環境と再生可能エネルギーの潮流に日本は置いていかれるのではないか

高村:正直なところ、先程、腰が入っていないとおっしゃいましたけど、このまま行くと、日本は置いていかれるのではないかという気持ちがあります。先程からいくつか出ておりましたけど、例えば、中国は沢山エネルギーを使い、二酸化炭素を排出している国ではありますが、再生可能エネルギーの導入量というのは、非常に大きいのです。風力に関して言うと、昨年度は世界一の導入量です。そこには、単なるエネルギー需要だけではなく、やはり、自国の産業の振興、例えば、再生可能エネルギーのソーラーパネル技術ですとか、風力技術の振興と、合わせてやっているわけです。これは、アメリカも同様の状況ですし、もちろんEUは先だってやっているわけです。むしろ、再生可能エネルギーの将来的な拡大を見越して、むしろ、貿易戦争の状態が生じていると思います。そういう意味では、こうした世界の動きの中で、本来、日本はソーラーパネルでも非常に強い技術力を持っていたはずだと思うのですが、国内市場がなかなか拡大しない中で、そのシェアが随分落ちてきているのを見ると、どういう風に経済と環境と、安心・安全といった社会のビジョン、戦略を日本がどのようにつくっていくのか、ということが大きな課題になっているのではないか、と思っています。

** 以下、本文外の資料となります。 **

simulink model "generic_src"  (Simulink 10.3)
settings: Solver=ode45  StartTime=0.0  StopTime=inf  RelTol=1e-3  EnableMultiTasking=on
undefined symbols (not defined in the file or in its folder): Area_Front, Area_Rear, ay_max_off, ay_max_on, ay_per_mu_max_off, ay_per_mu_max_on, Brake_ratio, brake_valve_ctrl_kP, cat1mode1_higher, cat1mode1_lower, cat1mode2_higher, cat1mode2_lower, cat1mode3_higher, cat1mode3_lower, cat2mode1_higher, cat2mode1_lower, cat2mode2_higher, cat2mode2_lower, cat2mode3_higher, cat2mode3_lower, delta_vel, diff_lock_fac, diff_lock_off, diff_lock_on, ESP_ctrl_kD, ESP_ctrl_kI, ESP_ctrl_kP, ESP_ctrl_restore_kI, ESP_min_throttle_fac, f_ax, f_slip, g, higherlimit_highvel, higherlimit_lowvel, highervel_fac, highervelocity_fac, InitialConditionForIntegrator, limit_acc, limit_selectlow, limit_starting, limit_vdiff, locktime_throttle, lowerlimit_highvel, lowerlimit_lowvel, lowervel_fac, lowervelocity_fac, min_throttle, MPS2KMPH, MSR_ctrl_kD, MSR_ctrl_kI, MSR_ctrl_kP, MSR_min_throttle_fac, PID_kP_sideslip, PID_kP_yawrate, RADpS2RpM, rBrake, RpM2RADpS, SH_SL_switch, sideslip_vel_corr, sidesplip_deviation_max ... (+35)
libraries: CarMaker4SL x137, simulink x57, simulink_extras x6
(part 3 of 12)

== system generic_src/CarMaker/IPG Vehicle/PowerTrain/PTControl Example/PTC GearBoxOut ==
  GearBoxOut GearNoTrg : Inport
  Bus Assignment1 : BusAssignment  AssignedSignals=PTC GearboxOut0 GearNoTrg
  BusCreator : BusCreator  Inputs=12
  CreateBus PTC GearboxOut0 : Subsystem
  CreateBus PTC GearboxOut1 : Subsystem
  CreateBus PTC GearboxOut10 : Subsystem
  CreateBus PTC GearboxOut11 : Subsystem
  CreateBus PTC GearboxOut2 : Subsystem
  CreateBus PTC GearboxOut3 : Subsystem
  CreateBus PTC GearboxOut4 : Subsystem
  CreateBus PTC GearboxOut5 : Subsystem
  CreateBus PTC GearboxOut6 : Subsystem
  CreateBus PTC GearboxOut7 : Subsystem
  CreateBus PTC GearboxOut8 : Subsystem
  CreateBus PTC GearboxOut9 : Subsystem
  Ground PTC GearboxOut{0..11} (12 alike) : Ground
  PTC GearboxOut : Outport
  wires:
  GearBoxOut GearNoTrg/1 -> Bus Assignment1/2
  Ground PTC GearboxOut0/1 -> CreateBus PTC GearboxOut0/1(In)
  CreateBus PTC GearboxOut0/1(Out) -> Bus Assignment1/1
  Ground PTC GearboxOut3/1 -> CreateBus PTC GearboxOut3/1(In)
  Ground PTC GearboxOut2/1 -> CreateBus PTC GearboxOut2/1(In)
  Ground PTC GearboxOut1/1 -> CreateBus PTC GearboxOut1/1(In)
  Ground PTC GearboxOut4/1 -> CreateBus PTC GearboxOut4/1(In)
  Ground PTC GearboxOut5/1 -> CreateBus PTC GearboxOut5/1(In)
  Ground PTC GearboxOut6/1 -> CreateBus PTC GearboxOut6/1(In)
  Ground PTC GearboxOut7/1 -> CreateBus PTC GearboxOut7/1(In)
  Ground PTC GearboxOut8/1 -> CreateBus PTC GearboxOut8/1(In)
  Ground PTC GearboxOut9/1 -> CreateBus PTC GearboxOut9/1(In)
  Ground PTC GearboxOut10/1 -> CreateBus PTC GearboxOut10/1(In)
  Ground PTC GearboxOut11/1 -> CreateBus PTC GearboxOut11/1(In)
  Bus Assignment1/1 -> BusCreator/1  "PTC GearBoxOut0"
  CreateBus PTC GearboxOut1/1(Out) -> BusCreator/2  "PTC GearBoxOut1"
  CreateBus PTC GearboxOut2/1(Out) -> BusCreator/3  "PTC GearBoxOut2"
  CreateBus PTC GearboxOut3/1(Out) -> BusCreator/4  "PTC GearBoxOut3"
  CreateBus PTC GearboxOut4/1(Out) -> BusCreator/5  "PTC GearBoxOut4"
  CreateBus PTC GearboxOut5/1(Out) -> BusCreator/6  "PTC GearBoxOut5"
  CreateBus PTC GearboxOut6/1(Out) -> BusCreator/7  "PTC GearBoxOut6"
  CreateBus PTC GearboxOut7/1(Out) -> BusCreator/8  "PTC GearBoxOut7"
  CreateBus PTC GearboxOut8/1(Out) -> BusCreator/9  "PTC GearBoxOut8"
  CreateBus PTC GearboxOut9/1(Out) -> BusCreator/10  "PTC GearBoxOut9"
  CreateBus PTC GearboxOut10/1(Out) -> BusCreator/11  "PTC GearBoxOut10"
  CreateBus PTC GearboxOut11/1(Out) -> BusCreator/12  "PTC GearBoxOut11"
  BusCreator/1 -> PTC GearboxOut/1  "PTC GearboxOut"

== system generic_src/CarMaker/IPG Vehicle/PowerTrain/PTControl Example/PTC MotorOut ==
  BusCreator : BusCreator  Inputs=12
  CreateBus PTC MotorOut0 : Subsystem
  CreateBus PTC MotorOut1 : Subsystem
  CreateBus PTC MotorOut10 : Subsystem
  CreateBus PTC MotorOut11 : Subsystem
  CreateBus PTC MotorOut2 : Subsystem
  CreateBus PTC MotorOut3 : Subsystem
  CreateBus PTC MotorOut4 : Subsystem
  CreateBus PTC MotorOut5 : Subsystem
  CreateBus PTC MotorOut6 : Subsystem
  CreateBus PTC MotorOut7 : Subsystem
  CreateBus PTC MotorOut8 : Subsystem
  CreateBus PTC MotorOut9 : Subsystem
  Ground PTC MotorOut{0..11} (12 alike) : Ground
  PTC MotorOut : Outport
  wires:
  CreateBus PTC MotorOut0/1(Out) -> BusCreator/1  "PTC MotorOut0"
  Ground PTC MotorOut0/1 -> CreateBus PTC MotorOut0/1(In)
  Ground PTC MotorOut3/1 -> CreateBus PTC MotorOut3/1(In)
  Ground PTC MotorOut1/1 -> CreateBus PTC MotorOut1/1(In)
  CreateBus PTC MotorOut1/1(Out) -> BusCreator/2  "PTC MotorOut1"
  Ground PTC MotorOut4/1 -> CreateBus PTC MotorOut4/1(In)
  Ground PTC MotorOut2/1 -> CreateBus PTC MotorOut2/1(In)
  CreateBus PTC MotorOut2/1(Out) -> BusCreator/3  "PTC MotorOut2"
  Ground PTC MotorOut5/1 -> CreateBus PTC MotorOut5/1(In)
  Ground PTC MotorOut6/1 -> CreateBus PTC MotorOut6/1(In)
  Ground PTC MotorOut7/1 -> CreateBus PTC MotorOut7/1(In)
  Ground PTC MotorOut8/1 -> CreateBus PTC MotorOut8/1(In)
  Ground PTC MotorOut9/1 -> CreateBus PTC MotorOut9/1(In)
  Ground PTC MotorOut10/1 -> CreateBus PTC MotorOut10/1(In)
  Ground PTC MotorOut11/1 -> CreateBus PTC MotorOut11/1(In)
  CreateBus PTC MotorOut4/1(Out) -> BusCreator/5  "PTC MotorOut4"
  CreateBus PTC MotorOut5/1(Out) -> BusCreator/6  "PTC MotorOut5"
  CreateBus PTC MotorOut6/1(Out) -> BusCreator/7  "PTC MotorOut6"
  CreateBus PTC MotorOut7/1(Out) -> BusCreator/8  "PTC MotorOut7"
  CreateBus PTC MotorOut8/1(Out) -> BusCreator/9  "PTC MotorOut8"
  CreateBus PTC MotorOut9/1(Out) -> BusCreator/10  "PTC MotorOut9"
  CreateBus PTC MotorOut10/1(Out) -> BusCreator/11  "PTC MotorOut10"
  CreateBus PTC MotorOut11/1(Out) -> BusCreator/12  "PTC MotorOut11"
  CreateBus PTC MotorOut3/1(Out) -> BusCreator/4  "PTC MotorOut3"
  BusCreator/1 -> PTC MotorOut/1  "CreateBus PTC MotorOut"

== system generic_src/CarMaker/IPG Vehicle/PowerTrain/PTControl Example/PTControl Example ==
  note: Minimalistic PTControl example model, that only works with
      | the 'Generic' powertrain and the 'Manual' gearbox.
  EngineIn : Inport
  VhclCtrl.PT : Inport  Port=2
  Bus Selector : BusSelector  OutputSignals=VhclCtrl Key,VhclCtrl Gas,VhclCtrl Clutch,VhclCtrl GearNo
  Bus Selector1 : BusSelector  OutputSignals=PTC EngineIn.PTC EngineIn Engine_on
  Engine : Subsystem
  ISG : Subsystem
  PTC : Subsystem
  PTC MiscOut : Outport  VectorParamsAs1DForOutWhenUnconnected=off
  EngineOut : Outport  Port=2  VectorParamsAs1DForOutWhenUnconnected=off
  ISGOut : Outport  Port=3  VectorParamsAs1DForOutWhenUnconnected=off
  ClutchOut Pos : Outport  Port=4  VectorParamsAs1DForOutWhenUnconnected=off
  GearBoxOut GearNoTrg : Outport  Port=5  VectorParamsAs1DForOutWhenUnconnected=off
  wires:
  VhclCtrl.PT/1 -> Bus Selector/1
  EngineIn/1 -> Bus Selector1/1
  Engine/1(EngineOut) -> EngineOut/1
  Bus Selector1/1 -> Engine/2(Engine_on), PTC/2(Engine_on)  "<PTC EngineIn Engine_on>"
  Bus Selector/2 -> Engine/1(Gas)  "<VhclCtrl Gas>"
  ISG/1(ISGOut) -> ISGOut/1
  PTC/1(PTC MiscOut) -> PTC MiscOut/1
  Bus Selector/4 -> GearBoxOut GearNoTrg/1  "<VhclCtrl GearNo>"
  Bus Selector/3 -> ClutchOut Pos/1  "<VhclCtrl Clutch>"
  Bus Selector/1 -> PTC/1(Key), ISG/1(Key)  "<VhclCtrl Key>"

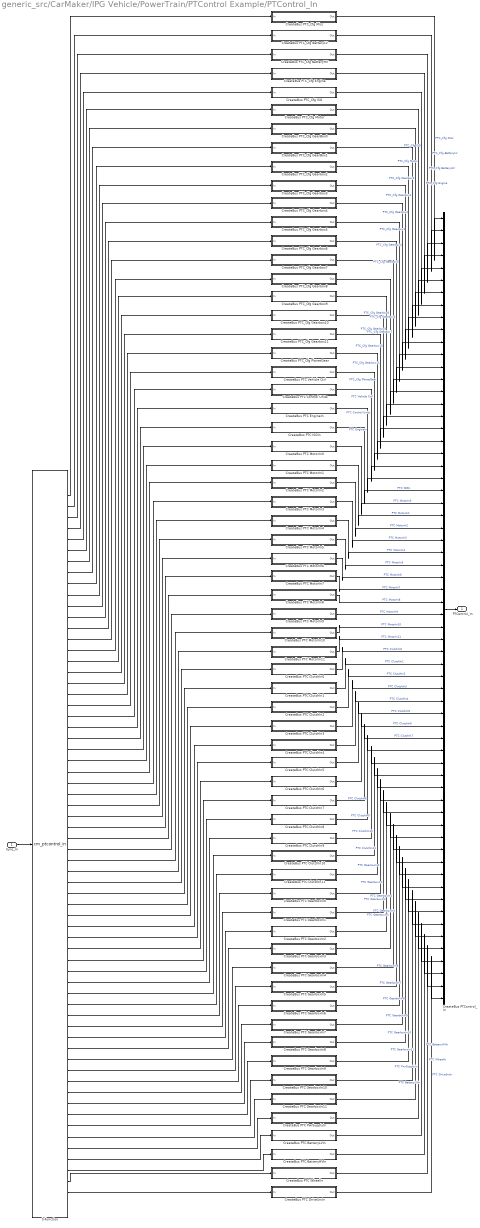
== system generic_src/CarMaker/IPG Vehicle/PowerTrain/PTControl Example/PTControl_In ==
  Sync_In : Inport
  CreateBus PTC BatteryHVIn : Subsystem
  CreateBus PTC BatteryLVIn : Subsystem
  CreateBus PTC ClutchIn0 : Subsystem
  CreateBus PTC ClutchIn1 : Subsystem
  CreateBus PTC ClutchIn10 : Subsystem
  CreateBus PTC ClutchIn11 : Subsystem
  CreateBus PTC ClutchIn2 : Subsystem
  CreateBus PTC ClutchIn3 : Subsystem
  CreateBus PTC ClutchIn4 : Subsystem
  CreateBus PTC ClutchIn5 : Subsystem
  CreateBus PTC ClutchIn6 : Subsystem
  CreateBus PTC ClutchIn7 : Subsystem
  CreateBus PTC ClutchIn8 : Subsystem
  CreateBus PTC ClutchIn9 : Subsystem
  CreateBus PTC Control Units : Subsystem
  CreateBus PTC DriveSrcIn : Subsystem
  CreateBus PTC EngineIn : Subsystem
  CreateBus PTC GearboxIn0 : Subsystem
  CreateBus PTC GearboxIn1 : Subsystem
  CreateBus PTC GearboxIn10 : Subsystem
  CreateBus PTC GearboxIn11 : Subsystem
  CreateBus PTC GearboxIn2 : Subsystem
  CreateBus PTC GearboxIn3 : Subsystem
  CreateBus PTC GearboxIn4 : Subsystem
  CreateBus PTC GearboxIn5 : Subsystem
  CreateBus PTC GearboxIn6 : Subsystem
  CreateBus PTC GearboxIn7 : Subsystem
  CreateBus PTC GearboxIn8 : Subsystem
  CreateBus PTC GearboxIn9 : Subsystem
  CreateBus PTC ISGIn : Subsystem
  CreateBus PTC MotorIn0 : Subsystem
  CreateBus PTC MotorIn1 : Subsystem
  CreateBus PTC MotorIn10 : Subsystem
  CreateBus PTC MotorIn11 : Subsystem
  CreateBus PTC MotorIn2 : Subsystem
  CreateBus PTC MotorIn3 : Subsystem
  CreateBus PTC MotorIn4 : Subsystem
  CreateBus PTC MotorIn5 : Subsystem
  CreateBus PTC MotorIn6 : Subsystem
  CreateBus PTC MotorIn7 : Subsystem
  CreateBus PTC MotorIn8 : Subsystem
  CreateBus PTC MotorIn9 : Subsystem
  CreateBus PTC PwrSupplyIn : Subsystem
  CreateBus PTC Vehicle Ctrl : Subsystem
  CreateBus PTC WheelIn : Subsystem
  CreateBus PTC_Cfg BatteryHV : Subsystem
  CreateBus PTC_Cfg BatteryLV : Subsystem
  CreateBus PTC_Cfg Engine : Subsystem
  CreateBus PTC_Cfg GearBox0 : Subsystem
  CreateBus PTC_Cfg GearBox1 : Subsystem
  CreateBus PTC_Cfg Gearbox10 : Subsystem
  CreateBus PTC_Cfg Gearbox11 : Subsystem
  CreateBus PTC_Cfg Gearbox2 : Subsystem
  CreateBus PTC_Cfg Gearbox3 : Subsystem
  CreateBus PTC_Cfg Gearbox4 : Subsystem
  CreateBus PTC_Cfg Gearbox5 : Subsystem
  CreateBus PTC_Cfg Gearbox6 : Subsystem
  CreateBus PTC_Cfg Gearbox7 : Subsystem
  CreateBus PTC_Cfg Gearbox8 : Subsystem
  CreateBus PTC_Cfg Gearbox9 : Subsystem
  CreateBus PTC_Cfg ISG : Subsystem
  CreateBus PTC_Cfg Misc : Subsystem
  CreateBus PTC_Cfg Motor : Subsystem
  CreateBus PTC_Cfg PlanetGear : Subsystem
  CreateBus PTControl_In : BusCreator  Inputs=64
  S-Function : S-Function  FunctionName=cm_ptcontrol_in  SFunctionDeploymentMode=off  EnableBusSupport=off
  PTControl_In : Outport  VectorParamsAs1DForOutWhenUnconnected=off
  wires:
  CreateBus PTControl_In/1 -> PTControl_In/1
  Sync_In/1 -> S-Function/1
  S-Function/2 -> CreateBus PTC_Cfg BatteryLV/1(In)
  CreateBus PTC_Cfg Misc/1(Out) -> CreateBus PTControl_In/1  "PTC_Cfg Misc"
  S-Function/1 -> CreateBus PTC_Cfg Misc/1(In)
  CreateBus PTC_Cfg Motor/1(Out) -> CreateBus PTControl_In/6  "PTC_Cfg Motor"
  CreateBus PTC_Cfg Gearbox2/1(Out) -> CreateBus PTControl_In/9  "PTC_Cfg Gearbox2"
  S-Function/4 -> CreateBus PTC_Cfg Engine/1(In)
  S-Function/3 -> CreateBus PTC_Cfg BatteryHV/1(In)
  S-Function/7 -> CreateBus PTC_Cfg GearBox0/1(In)
  S-Function/14 -> CreateBus PTC_Cfg Gearbox7/1(In)
  S-Function/15 -> CreateBus PTC_Cfg Gearbox8/1(In)
  S-Function/17 -> CreateBus PTC_Cfg Gearbox10/1(In)
  S-Function/18 -> CreateBus PTC_Cfg Gearbox11/1(In)
  CreateBus PTC_Cfg GearBox1/1(Out) -> CreateBus PTControl_In/8  "PTC_Cfg Gearbox1"
  CreateBus PTC_Cfg Gearbox4/1(Out) -> CreateBus PTControl_In/11  "PTC_Cfg Gearbox4"
  CreateBus PTC_Cfg Gearbox5/1(Out) -> CreateBus PTControl_In/12  "PTC_Cfg Gearbox5"
  CreateBus PTC_Cfg Gearbox6/1(Out) -> CreateBus PTControl_In/13  "PTC_Cfg Gearbox6"
  CreateBus PTC_Cfg Gearbox7/1(Out) -> CreateBus PTControl_In/14  "PTC_Cfg Gearbox7"
  CreateBus PTC GearboxIn6/1(Out) -> CreateBus PTControl_In/54  "PTC GearboxIn6"
  CreateBus PTC ClutchIn6/1(Out) -> CreateBus PTControl_In/42  "PTC ClutchIn6"
  CreateBus PTC GearboxIn5/1(Out) -> CreateBus PTControl_In/53  "PTC GearboxIn5"
  CreateBus PTC GearboxIn9/1(Out) -> CreateBus PTControl_In/57  "PTC GearboxIn9"
  CreateBus PTC ClutchIn8/1(Out) -> CreateBus PTControl_In/44  "PTC ClutchIn8"
  S-Function/32 -> CreateBus PTC MotorIn8/1(In)
  CreateBus PTC MotorIn0/1(Out) -> CreateBus PTControl_In/24  "PTC MotorIn0"
  S-Function/8 -> CreateBus PTC_Cfg GearBox1/1(In)
  S-Function/46 -> CreateBus PTC ClutchIn10/1(In)
  S-Function/61 -> CreateBus PTC BatteryLVIn/1(In)
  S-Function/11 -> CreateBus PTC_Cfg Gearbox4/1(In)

工藤:今回のテーマについてのアンケートに、沢山意見が来ています。2つ、3つ紹介させてもらいます。今日の議論にも出たのですが、「世界的に経済が危機的状況にある中で、本当にCOP17という展開を続けるべきなのかも含めて、どう考えればいいか、判断がつきかねています」という意見でした。確かに、地球環境の問題はあるのですが、至るところで経済が厳しい状況にあるという問題がある。だから、「今更蒸し返してもしょうがないけれど、温暖化の科学的根拠をもう少し出すべきじゃないか」とか、これが正直な感想だと思います。

一方で、「3.11の震災と原発事故以降、マスコミ報道も含めて、自然エネルギーなどがまともに取り上げられていない」と。「切羽詰まった状況にもかかわらず、地球温暖化対策の基本である京都議定書のことが完全に忘れ去られている現状に危機感を覚える。だから、エネルギーの恩恵を我々はいかに受けるべきか、ということも含めて、抜本的な議論をしていかないと、まずいのではないか」という意見でした。それから、「日本はこの問題についてリーダーシップをとるために、何を説明していくべきなのか。だけど、今の民主党政権にはそういうテーマについて、リードする人はいないのではないか。少なくとも他党でもいいから、そういうことを考える人を南アフリカに送ってほしい」という声もありました。かなり重要な問題にもかかわらず、何かの形で思考が止まっている。それが、さっきの本音と建前なのかもしれないし、そういう要素もあったと思いますが、その中で、COP17が行われるわけですよね。これに対する日本政府の対応、日本の交渉当事者として、何を期待するかということについて、皆さんに答えていただければと思います。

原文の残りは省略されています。